Я повернула коня в указанном пастухом направлении, где среди зеленой травы едва-едва угадывалась тропа, и двинулась вперед спокойным шагом, то и дело оборачиваясь, чтобы увидеть, что пастух, окруженный толпой разноцветных овец, все еще провожает меня взглядом.

С вершины плато открывался прекрасный вид на залитую солнцем двойную вершину Ошхамахо. Утренний ветер разогнал облака, и гора представала во всем своем заснеженном сверкающем великолепии. Ослепительно-белый ледник, покоящийся на вершинах и в седловине между ними, поблескивал в солнечных лучах. Черные каменные гребни прорезали снег и спускались вниз опасными неприступными обрывами. Где-то там жили джины и собирались на танцы удды42. А у подножия великой горы, сейчас скрытого от глаз вершинами и склонами других, меньших гор, меня ждала священная роща, где обитала белая лань.

Я направила коня вперед. Дорога спускалась с плато на другое, более низкое, проходя через пологую каменную расщелину, поросшую сочной травой, желтовато-ржавым лишайником и редкими низкорослыми деревьями, на которых едва угадывались листья. Дорога шла по тенистому участку расщелины и отлично продувалась холодным ветром с гор. Я поежилась и плотнее закуталась в бурку, а конь несколько раз недовольно фыркнул, когда порыв ветра взъерошил его гриву.

Но стоило нам выйти из тени на залитый солнцем луг, погода будто резко поменялась. Горячее летнее солнце опалило кожу, а под толстой буркой тут же стало жарко. В нос ударил густой терпкий запах нагретого на солнце луга, который местами уже начал желтеть под летним зноем. В невысокой траве жужжали яркие пчелы и стрекотали многочисленные кузнечики. Упитанные суслики, заметив приближающегося всадника, разбегались во все стороны, громко пища. А в бескрайнем необъятном пронзительно-голубом небе парили благородные хищные птицы: не то ястребы, не то орлы.
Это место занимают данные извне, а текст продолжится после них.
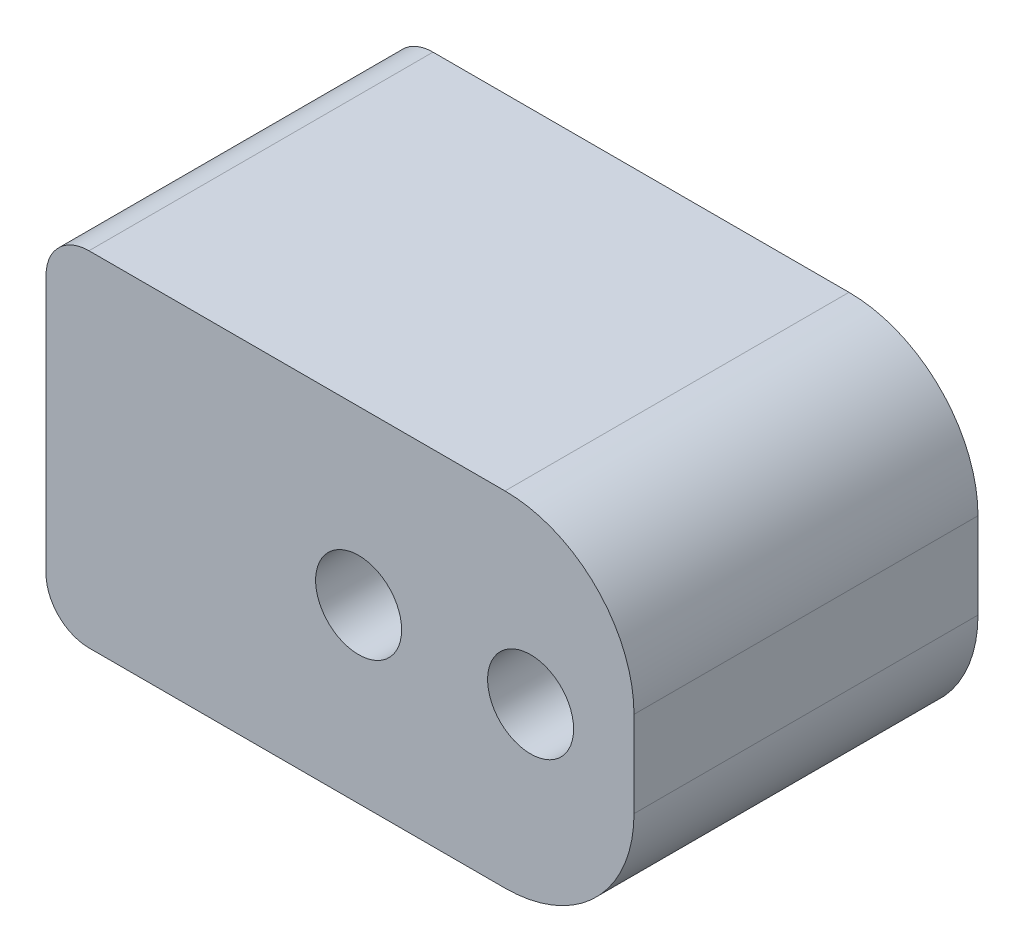
from build123d import *

# Parameters (mm, degrees)
SKETCH1_W           = 13.67451268
SKETCH1_H           = 8
SKETCH1_R           = 1
BOSS_EXTRUDE1_DEPTH = 8
CUT_EXTRUDE3_START  = -0.4
SKETCH4_R           = 3.25
CUT_EXTRUDE3_DEPTH  = 2.7
FILLET2_R           = 1
FILLET3_R           = 3


with BuildPart() as part:
    # Sketch1 → Boss-Extrude1 (new body)
    with BuildSketch(Plane.XY):
        with Locations((-0.43274366, 0)):
            Rectangle(SKETCH1_W, SKETCH1_H)
        Circle(SKETCH1_R, mode=Mode.SUBTRACT)
        with Locations((4, 0)):
            Circle(SKETCH1_R, mode=Mode.SUBTRACT)
    extrude(amount=BOSS_EXTRUDE1_DEPTH)

    # Sketch4 → Cut-Extrude3 (cut)
    with BuildSketch(Plane.ZY.offset(7.27).offset(CUT_EXTRUDE3_START)):
        with Locations((4, 0)):
            Circle(SKETCH4_R)
    extrude(amount=-CUT_EXTRUDE3_DEPTH, mode=Mode.SUBTRACT)

    # Fillet2
    fillet2_edges = [part.edges().sort_by_distance(p)[0] for p in [
        (-7.27, -4, 4),
        (-7.27, 4, 4),
    ]]
    fillet(fillet2_edges, radius=FILLET2_R)

    # Fillet3
    fillet3_edges = [part.edges().sort_by_distance(p)[0] for p in [
        (6.40451268, -4, 4),
        (6.40451268, 4, 4),
    ]]
    fillet(fillet3_edges, radius=FILLET3_R)


solid = part.part

Дорога, едва заметная в траве, вилась вперед между небольшими холмами. Казалось, что она тянется до самого горизонта и упирается прямо в ледяную громаду Ошхамахо. Но через несколько часов в пути я заметила, что тропа все больше уходит вниз, в поросшую лесом долину между горами. Прежде, чем въехать под сень деревьев, я остановилась на привал, наслаждаясь солнцем и теплом. В тот момент мне казалось, что все возможно. Что уже скоро я доберусь до священной рощи, найду белую лань и, добыв ее целебное молоко, понесусь назад к отцу. Мне казалось, что совсем скоро все будет хорошо.

Но чем дальше я углублялась в лес, тем сильнее мою уверенность подтачивали сомнения. Чем меньше солнце проглядывало сквозь плотные кроны становящихся все выше деревьев, тем более темная тень окутывала и мою душу. Дорога, и до того едва видимая среди разнотравья, окончательно исчезла на голой лесной земле. В лощине больше не было видно моего ориентира – вершины священной горы – и даже опустившееся после полудня солнце скрылось за южным склоном. Холодный ветер вновь заставил мою кожу покрыться мурашками. В ветвях деревьев то и дело громко пронзительно и как-то отчаянно кричали птицы, заставляя меня вздрагивать. Когда лес погрузился в сумерки, я поняла, что заблудилась.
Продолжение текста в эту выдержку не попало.